● EXERCISE INSTRUCTIONS: Where the records below show a line containing "SYMBOL res 1888 736 R90", start copying; end with the line containing "TEXT 1856 976", and copy it too.

Extracted data entries:
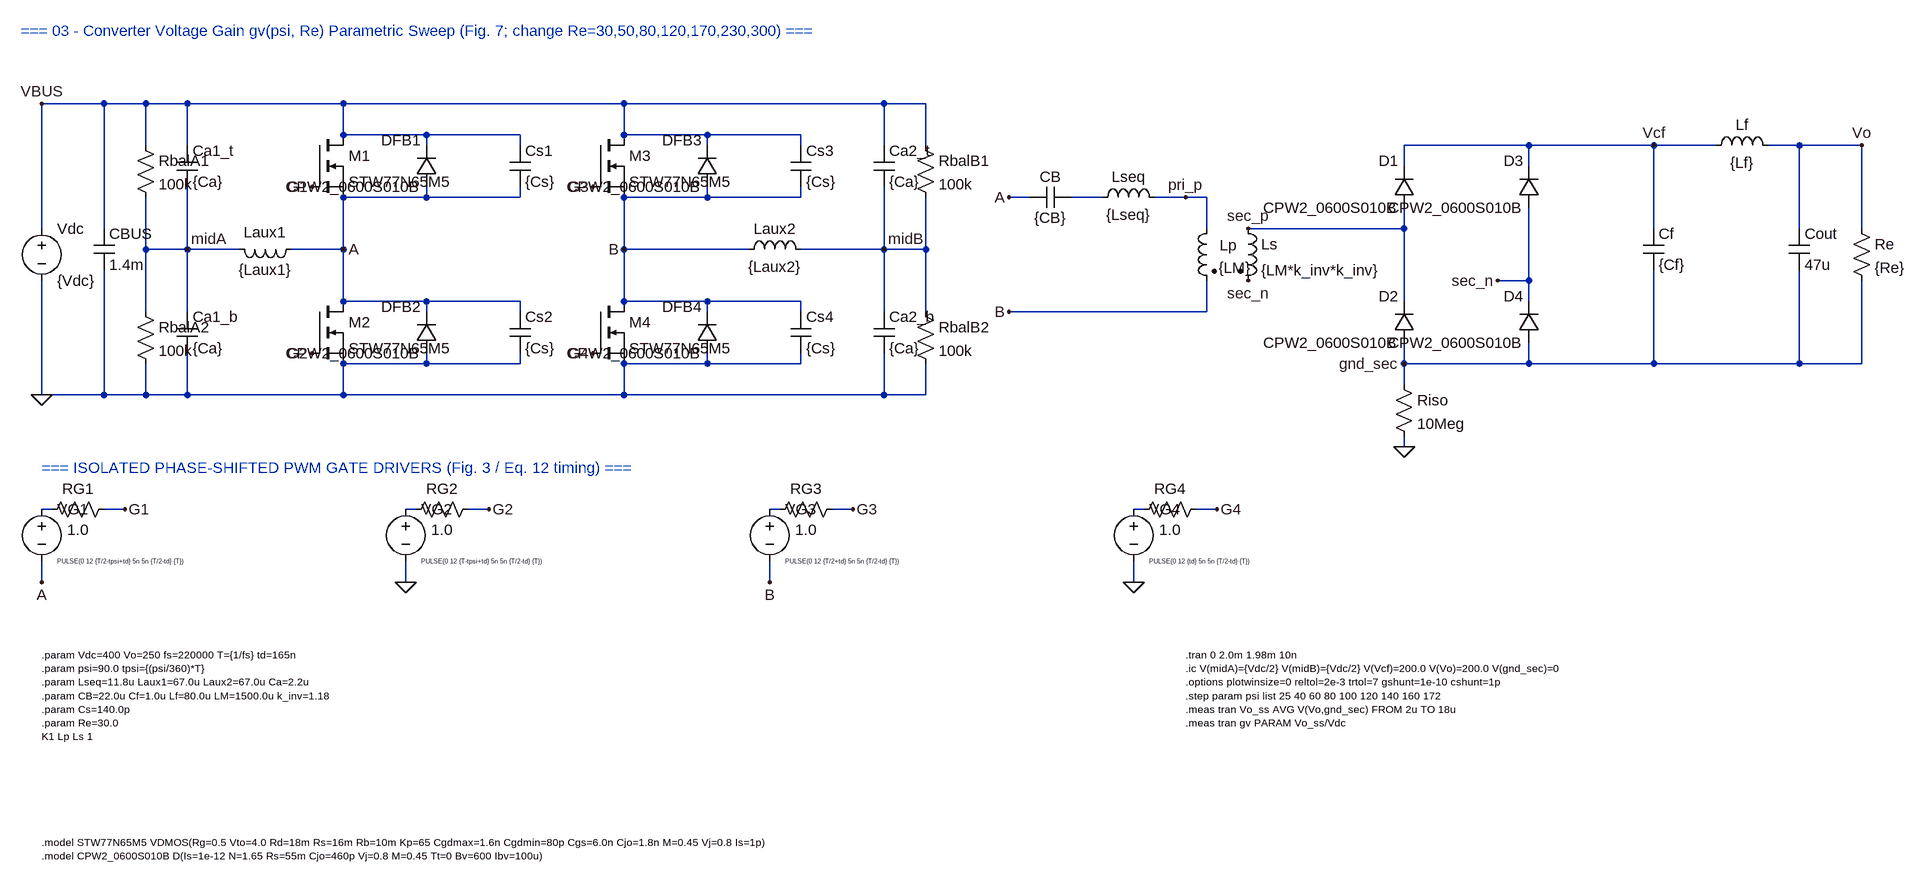
[diagram p0: schematic 03_proposed_gain_sweep_fig7.asc]
03_proposed_gain_sweep_fig7.asc, the LTspice schematic file:
Version 4
SHEET 1 3000 1500
TEXT 64 16 Left 2 ;=== 03 - Converter Voltage Gain gv(psi, Re) Parametric Sweep (Fig. 7; change Re=30,50,80,120,170,230,300) ===
SYMBOL voltage 96 304 R0
SYMATTR InstName Vdc
SYMATTR Value {Vdc}
WIRE 96 320 96 128
WIRE 96 128 304 128
WIRE 96 400 96 576
WIRE 96 576 304 576
FLAG 96 576 0
FLAG 96 128 VBUS
SYMBOL cap 176 320 R0
SYMATTR InstName CBUS
SYMATTR Value 1.4m
SYMATTR SpiceLine Rser=5m
WIRE 192 128 192 320
WIRE 192 384 192 576
SYMBOL cap 304 192 R0
SYMATTR InstName Ca1_t
SYMATTR Value {Ca}
SYMATTR SpiceLine Rser=10m
SYMBOL cap 304 448 R0
SYMATTR InstName Ca1_b
SYMATTR Value {Ca}
SYMATTR SpiceLine Rser=10m
WIRE 304 128 560 128
WIRE 304 576 560 576
WIRE 320 128 320 192
WIRE 320 256 320 448
WIRE 320 512 320 576
FLAG 320 352 midA
SYMBOL res 240 176 R0
SYMATTR InstName RbalA1
SYMATTR Value 100k
WIRE 256 128 256 192
WIRE 256 272 256 352
WIRE 256 352 320 352
SYMBOL res 240 432 R0
SYMATTR InstName RbalA2
SYMATTR Value 100k
WIRE 256 352 256 448
WIRE 256 528 256 576
SYMBOL ind 496 336 R90
WINDOW 0 5 56 VBottom 2
WINDOW 3 32 56 VTop 2
SYMATTR InstName Laux1
SYMATTR Value {Laux1}
SYMATTR SpiceLine Rser=0.1
WIRE 320 352 400 352
WIRE 480 352 560 352
SYMBOL nmos 512 176 R0
SYMATTR InstName M1
SYMATTR Value STW77N65M5
WIRE 560 128 560 176
WIRE 560 272 560 352
FLAG 512 256 G1
SYMBOL diode 704 256 R180
WINDOW 0 24 72 Left 2
WINDOW 3 24 0 Left 2
SYMATTR InstName DFB1
SYMATTR Value CPW2_0600S010B
WIRE 560 176 688 176
WIRE 688 176 688 192
WIRE 688 256 688 272
WIRE 688 272 560 272
SYMBOL cap 816 192 R0
SYMATTR InstName Cs1
SYMATTR Value {Cs}
WIRE 688 176 832 176
WIRE 832 176 832 192
WIRE 832 256 832 272
WIRE 832 272 688 272
SYMBOL nmos 512 432 R0
SYMATTR InstName M2
SYMATTR Value STW77N65M5
WIRE 560 352 560 432
WIRE 560 528 560 576
FLAG 512 512 G2
SYMBOL diode 704 512 R180
WINDOW 0 24 72 Left 2
WINDOW 3 24 0 Left 2
SYMATTR InstName DFB2
SYMATTR Value CPW2_0600S010B
WIRE 560 432 688 432
WIRE 688 432 688 448
WIRE 688 512 688 528
WIRE 688 528 560 528
SYMBOL cap 816 448 R0
SYMATTR InstName Cs2
SYMATTR Value {Cs}
WIRE 688 432 832 432
WIRE 832 432 832 448
WIRE 832 512 832 528
WIRE 832 528 688 528
FLAG 560 352 A
WIRE 560 128 1392 128
WIRE 560 576 1392 576
SYMBOL nmos 944 176 R0
SYMATTR InstName M3
SYMATTR Value STW77N65M5
WIRE 992 128 992 176
WIRE 992 272 992 352
FLAG 944 256 G3
SYMBOL diode 1136 256 R180
WINDOW 0 24 72 Left 2
WINDOW 3 24 0 Left 2
SYMATTR InstName DFB3
SYMATTR Value CPW2_0600S010B
WIRE 992 176 1120 176
WIRE 1120 176 1120 192
WIRE 1120 256 1120 272
WIRE 1120 272 992 272
SYMBOL cap 1248 192 R0
SYMATTR InstName Cs3
SYMATTR Value {Cs}
WIRE 1120 176 1264 176
WIRE 1264 176 1264 192
WIRE 1264 256 1264 272
WIRE 1264 272 1120 272
SYMBOL nmos 944 432 R0
SYMATTR InstName M4
SYMATTR Value STW77N65M5
WIRE 992 352 992 432
WIRE 992 528 992 576
FLAG 944 512 G4
SYMBOL diode 1136 512 R180
WINDOW 0 24 72 Left 2
WINDOW 3 24 0 Left 2
SYMATTR InstName DFB4
SYMATTR Value CPW2_0600S010B
WIRE 992 432 1120 432
WIRE 1120 432 1120 448
WIRE 1120 512 1120 528
WIRE 1120 528 992 528
SYMBOL cap 1248 448 R0
SYMATTR InstName Cs4
SYMATTR Value {Cs}
WIRE 1120 432 1264 432
WIRE 1264 432 1264 448
WIRE 1264 512 1264 528
WIRE 1264 528 1120 528
FLAG 992 352 B
SYMBOL ind 1168 368 R270
WINDOW 0 32 56 VTop 2
WINDOW 3 5 56 VBottom 2
SYMATTR InstName Laux2
SYMATTR Value {Laux2}
SYMATTR SpiceLine Rser=0.1
WIRE 992 352 1184 352
WIRE 1264 352 1392 352
SYMBOL cap 1376 192 R0
SYMATTR InstName Ca2_t
SYMATTR Value {Ca}
SYMATTR SpiceLine Rser=10m
SYMBOL cap 1376 448 R0
SYMATTR InstName Ca2_b
SYMATTR Value {Ca}
SYMATTR SpiceLine Rser=10m
WIRE 1392 128 1392 192
WIRE 1392 256 1392 448
WIRE 1392 512 1392 576
FLAG 1392 352 midB
SYMBOL res 1440 176 R0
SYMATTR InstName RbalB1
SYMATTR Value 100k
WIRE 1392 128 1456 128
WIRE 1456 128 1456 192
WIRE 1456 272 1456 352
WIRE 1456 352 1392 352
SYMBOL res 1440 432 R0
SYMATTR InstName RbalB2
SYMATTR Value 100k
WIRE 1456 352 1456 448
WIRE 1456 528 1456 576
WIRE 1456 576 1392 576
FLAG 1584 272 A
SYMBOL cap 1680 256 R90
WINDOW 0 0 32 VBottom 2
WINDOW 3 32 32 VTop 2
SYMATTR InstName CB
SYMATTR Value {CB}
SYMATTR SpiceLine Rser=5m
WIRE 1584 272 1616 272
SYMBOL ind 1712 288 R270
WINDOW 0 32 56 VTop 2
WINDOW 3 5 56 VBottom 2
SYMATTR InstName Lseq
SYMATTR Value {Lseq}
SYMATTR SpiceLine Rser=0.05
WIRE 1680 272 1728 272
WIRE 1808 272 1888 272
FLAG 1856 272 pri_p
SYMBOL ind2 1904 304 M0
WINDOW 0 -4 42 Right 2
WINDOW 3 -3 76 Right 2
SYMATTR InstName Lp
SYMATTR Value {LM}
SYMATTR SpiceLine Rser=1m
WIRE 1888 272 1888 320
WIRE 1888 400 1888 448
WIRE 1888 448 1584 448
FLAG 1584 448 B
SYMBOL ind2 1936 304 R0
SYMATTR InstName Ls
SYMATTR Value {LM*k_inv*k_inv}
SYMATTR SpiceLine Rser=20m
FLAG 1952 320 sec_p
FLAG 1952 400 sec_n
SYMBOL diode 2208 288 R180
WINDOW 0 24 72 Left 2
WINDOW 3 24 0 Left 2
SYMATTR InstName D1
SYMATTR Value CPW2_0600S010B
SYMBOL diode 2208 496 R180
WINDOW 0 24 72 Left 2
WINDOW 3 24 0 Left 2
SYMATTR InstName D2
SYMATTR Value CPW2_0600S010B
SYMBOL diode 2400 288 R180
WINDOW 0 24 72 Left 2
WINDOW 3 24 0 Left 2
SYMATTR InstName D3
SYMATTR Value CPW2_0600S010B
SYMBOL diode 2400 496 R180
WINDOW 0 24 72 Left 2
WINDOW 3 24 0 Left 2
SYMATTR InstName D4
SYMATTR Value CPW2_0600S010B
WIRE 2192 192 2192 224
WIRE 2192 288 2192 432
WIRE 2192 496 2192 528
WIRE 2384 192 2384 224
WIRE 2384 288 2384 432
WIRE 2384 496 2384 528
WIRE 1952 320 2192 320
FLAG 2336 400 sec_n
WIRE 2336 400 2384 400
WIRE 2192 192 2576 192
WIRE 2192 528 2896 528
FLAG 2576 192 Vcf
FLAG 2192 528 gnd_sec
SYMBOL res 2176 544 R0
SYMATTR InstName Riso
SYMATTR Value 10Meg
WIRE 2192 528 2192 560
WIRE 2192 640 2192 656
FLAG 2192 656 0
SYMBOL cap 2560 320 R0
SYMATTR InstName Cf
SYMATTR Value {Cf}
SYMATTR SpiceLine Rser=20m
WIRE 2576 192 2576 320
WIRE 2576 384 2576 528
SYMBOL ind 2656 208 R270
WINDOW 0 32 56 VTop 2
WINDOW 3 5 56 VBottom 2
SYMATTR InstName Lf
SYMATTR Value {Lf}
SYMATTR SpiceLine Rser=0.05
WIRE 2576 192 2672 192
WIRE 2752 192 2896 192
FLAG 2896 192 Vo
SYMBOL cap 2784 320 R0
SYMATTR InstName Cout
SYMATTR Value 47u
SYMATTR SpiceLine Rser=20m
WIRE 2800 192 2800 320
WIRE 2800 384 2800 528
SYMBOL res 2880 304 R0
SYMATTR InstName Re
SYMATTR Value {Re}
WIRE 2896 192 2896 320
WIRE 2896 400 2896 528
TEXT 96 688 Left 2 ;=== ISOLATED PHASE-SHIFTED PWM GATE DRIVERS (Fig. 3 / Eq. 12 timing) ===
SYMBOL voltage 96 736 R0
WINDOW 0 24 16 Left 2
WINDOW 3 24 96 Left 0
SYMATTR InstName VG1
SYMATTR Value PULSE(0 12 {T/2-tpsi+td} 5n 5n {T/2-td} {T})
SYMBOL res 208 736 R90
WINDOW 0 0 56 VBottom 2
WINDOW 3 32 56 VTop 2
SYMATTR InstName RG1
SYMATTR Value 1.0
WIRE 96 752 112 752
WIRE 192 752 224 752
FLAG 224 752 G1
WIRE 96 832 96 864
FLAG 96 864 A
SYMBOL voltage 656 736 R0
WINDOW 0 24 16 Left 2
WINDOW 3 24 96 Left 0
SYMATTR InstName VG2
SYMATTR Value PULSE(0 12 {T-tpsi+td} 5n 5n {T/2-td} {T})
SYMBOL res 768 736 R90
WINDOW 0 0 56 VBottom 2
WINDOW 3 32 56 VTop 2
SYMATTR InstName RG2
SYMATTR Value 1.0
WIRE 656 752 672 752
WIRE 752 752 784 752
FLAG 784 752 G2
WIRE 656 832 656 864
FLAG 656 864 0
SYMBOL voltage 1216 736 R0
WINDOW 0 24 16 Left 2
WINDOW 3 24 96 Left 0
SYMATTR InstName VG3
SYMATTR Value PULSE(0 12 {T/2+td} 5n 5n {T/2-td} {T})
SYMBOL res 1328 736 R90
WINDOW 0 0 56 VBottom 2
WINDOW 3 32 56 VTop 2
SYMATTR InstName RG3
SYMATTR Value 1.0
WIRE 1216 752 1232 752
WIRE 1312 752 1344 752
FLAG 1344 752 G3
WIRE 1216 832 1216 864
FLAG 1216 864 B
SYMBOL voltage 1776 736 R0
WINDOW 0 24 16 Left 2
WINDOW 3 24 96 Left 0
SYMATTR InstName VG4
SYMATTR Value PULSE(0 12 {td} 5n 5n {T/2-td} {T})
SYMBOL res 1888 736 R90
WINDOW 0 0 56 VBottom 2
WINDOW 3 32 56 VTop 2
SYMATTR InstName RG4
SYMATTR Value 1.0
WIRE 1776 752 1792 752
WIRE 1872 752 1904 752
FLAG 1904 752 G4
WIRE 1776 832 1776 864
FLAG 1776 864 0
TEXT 96 976 Left 1 !.param Vdc=400 Vo=250 fs=220000 T={1/fs} td=165n\n.param psi=90.0 tpsi={(psi/360)*T}\n.param Lseq=11.8u Laux1=67.0u Laux2=67.0u Ca=2.2u\n.param CB=22.0u Cf=1.0u Lf=80.0u LM=1500.0u k_inv=1.18\n.param Cs=140.0p\n.param Re=30.0\nK1 Lp Ls 1
TEXT 96 1264 Left 1 !.model STW77N65M5 VDMOS(Rg=0.5 Vto=4.0 Rd=18m Rs=16m Rb=10m Kp=65 Cgdmax=1.6n Cgdmin=80p Cgs=6.0n Cjo=1.8n M=0.45 Vj=0.8 Is=1p)\n.model CPW2_0600S010B D(Is=1e-12 N=1.65 Rs=55m Cjo=460p Vj=0.8 M=0.45 Tt=0 Bv=600 Ibv=100u)
TEXT 1856 976 Left 1 !.tran 0 2.0m 1.98m 10n\n.ic V(midA)={Vdc/2} V(midB)={Vdc/2} V(Vcf)=200.0 V(Vo)=200.0 V(gnd_sec)=0\n.options plotwinsize=0 reltol=2e-3 trtol=7 gshunt=1e-10 cshunt=1p\n.step param psi list 25 40 60 80 100 120 140 160 172\n.meas tran Vo_ss AVG V(Vo,gnd_sec) FROM 2u TO 18u\n.meas tran gv PARAM Vo_ss/Vdc

The netlist it stands for:
* 03_proposed_gain_sweep_fig7.asc
Vdc VBUS 0 {Vdc}
CBUS VBUS 0 1.4m Rser=5m
Ca1_t VBUS midA {Ca} Rser=10m
Ca1_b midA 0 {Ca} Rser=10m
RbalA1 VBUS midA 100k
RbalA2 midA 0 100k
Laux1 A midA {Laux1} Rser=0.1
M1 VBUS G1 A A STW77N65M5
DFB1 A VBUS CPW2_0600S010B
Cs1 VBUS A {Cs}
M2 A G2 0 0 STW77N65M5
DFB2 0 A CPW2_0600S010B
Cs2 A 0 {Cs}
M3 VBUS G3 B B STW77N65M5
DFB3 B VBUS CPW2_0600S010B
Cs3 VBUS B {Cs}
M4 B G4 0 0 STW77N65M5
DFB4 0 B CPW2_0600S010B
Cs4 B 0 {Cs}
Laux2 B midB {Laux2} Rser=0.1
Ca2_t VBUS midB {Ca} Rser=10m
Ca2_b midB 0 {Ca} Rser=10m
RbalB1 VBUS midB 100k
RbalB2 midB 0 100k
CB N001 A {CB} Rser=5m
Lseq N001 pri_p {Lseq} Rser=0.05
Lp pri_p B {LM} Rser=1m
Ls sec_p sec_n {LM*k_inv*k_inv} Rser=20m
D1 sec_p Vcf CPW2_0600S010B
D2 gnd_sec sec_p CPW2_0600S010B
D3 sec_n Vcf CPW2_0600S010B
D4 gnd_sec sec_n CPW2_0600S010B
Riso gnd_sec 0 10Meg
Cf Vcf gnd_sec {Cf} Rser=20m
Lf Vcf Vo {Lf} Rser=0.05
Cout Vo gnd_sec 47u Rser=20m
Re Vo gnd_sec {Re}
VG1 N002 A PULSE(0 12 {T/2-tpsi+td} 5n 5n {T/2-td} {T})
RG1 G1 N002 1.0
VG2 N003 0 PULSE(0 12 {T-tpsi+td} 5n 5n {T/2-td} {T})
RG2 G2 N003 1.0
VG3 N004 B PULSE(0 12 {T/2+td} 5n 5n {T/2-td} {T})
RG3 G3 N004 1.0
VG4 N005 0 PULSE(0 12 {td} 5n 5n {T/2-td} {T})
RG4 G4 N005 1.0
.model D D
.lib standard.dio
.model NMOS NMOS
.model PMOS PMOS
.lib standard.mos
* === 03 - Converter Voltage Gain gv(psi, Re) Parametric Sweep (Fig. 7; change Re=30,50,80,120,170,230,300) ===
* === ISOLATED PHASE-SHIFTED PWM GATE DRIVERS (Fig. 3 / Eq. 12 timing) ===
.param Vdc=400 Vo=250 fs=220000 T={1/fs} td=165n
.param psi=90.0 tpsi={(psi/360)*T}
.param Lseq=11.8u Laux1=67.0u Laux2=67.0u Ca=2.2u
.param CB=22.0u Cf=1.0u Lf=80.0u LM=1500.0u k_inv=1.18
.param Cs=140.0p
.param Re=30.0
K1 Lp Ls 1
.model STW77N65M5 VDMOS(Rg=0.5 Vto=4.0 Rd=18m Rs=16m Rb=10m Kp=65 Cgdmax=1.6n Cgdmin=80p Cgs=6.0n Cjo=1.8n M=0.45 Vj=0.8 Is=1p)
.model CPW2_0600S010B D(Is=1e-12 N=1.65 Rs=55m Cjo=460p Vj=0.8 M=0.45 Tt=0 Bv=600 Ibv=100u)
.tran 0 2.0m 1.98m 10n
.ic V(midA)={Vdc/2} V(midB)={Vdc/2} V(Vcf)=200.0 V(Vo)=200.0 V(gnd_sec)=0
.options plotwinsize=0 reltol=2e-3 trtol=7 gshunt=1e-10 cshunt=1p
.step param psi list 25 40 60 80 100 120 140 160 172
.meas tran Vo_ss AVG V(Vo,gnd_sec) FROM 2u TO 18u
.meas tran gv PARAM Vo_ss/Vdc
.backanno
.end

● RESPONSE FOR THIS EXERCISE:
SYMBOL res 1888 736 R90
WINDOW 0 0 56 VBottom 2
WINDOW 3 32 56 VTop 2
SYMATTR InstName RG4
SYMATTR Value 1.0
WIRE 1776 752 1792 752
WIRE 1872 752 1904 752
FLAG 1904 752 G4
WIRE 1776 832 1776 864
FLAG 1776 864 0
TEXT 96 976 Left 1 !.param Vdc=400 Vo=250 fs=220000 T={1/fs} td=165n\n.param psi=90.0 tpsi={(psi/360)*T}\n.param Lseq=11.8u Laux1=67.0u Laux2=67.0u Ca=2.2u\n.param CB=22.0u Cf=1.0u Lf=80.0u LM=1500.0u k_inv=1.18\n.param Cs=140.0p\n.param Re=30.0\nK1 Lp Ls 1
TEXT 96 1264 Left 1 !.model STW77N65M5 VDMOS(Rg=0.5 Vto=4.0 Rd=18m Rs=16m Rb=10m Kp=65 Cgdmax=1.6n Cgdmin=80p Cgs=6.0n Cjo=1.8n M=0.45 Vj=0.8 Is=1p)\n.model CPW2_0600S010B D(Is=1e-12 N=1.65 Rs=55m Cjo=460p Vj=0.8 M=0.45 Tt=0 Bv=600 Ibv=100u)
TEXT 1856 976 Left 1 !.tran 0 2.0m 1.98m 10n\n.ic V(midA)={Vdc/2} V(midB)={Vdc/2} V(Vcf)=200.0 V(Vo)=200.0 V(gnd_sec)=0\n.options plotwinsize=0 reltol=2e-3 trtol=7 gshunt=1e-10 cshunt=1p\n.step param psi list 25 40 60 80 100 120 140 160 172\n.meas tran Vo_ss AVG V(Vo,gnd_sec) FROM 2u TO 18u\n.meas tran gv PARAM Vo_ss/Vdc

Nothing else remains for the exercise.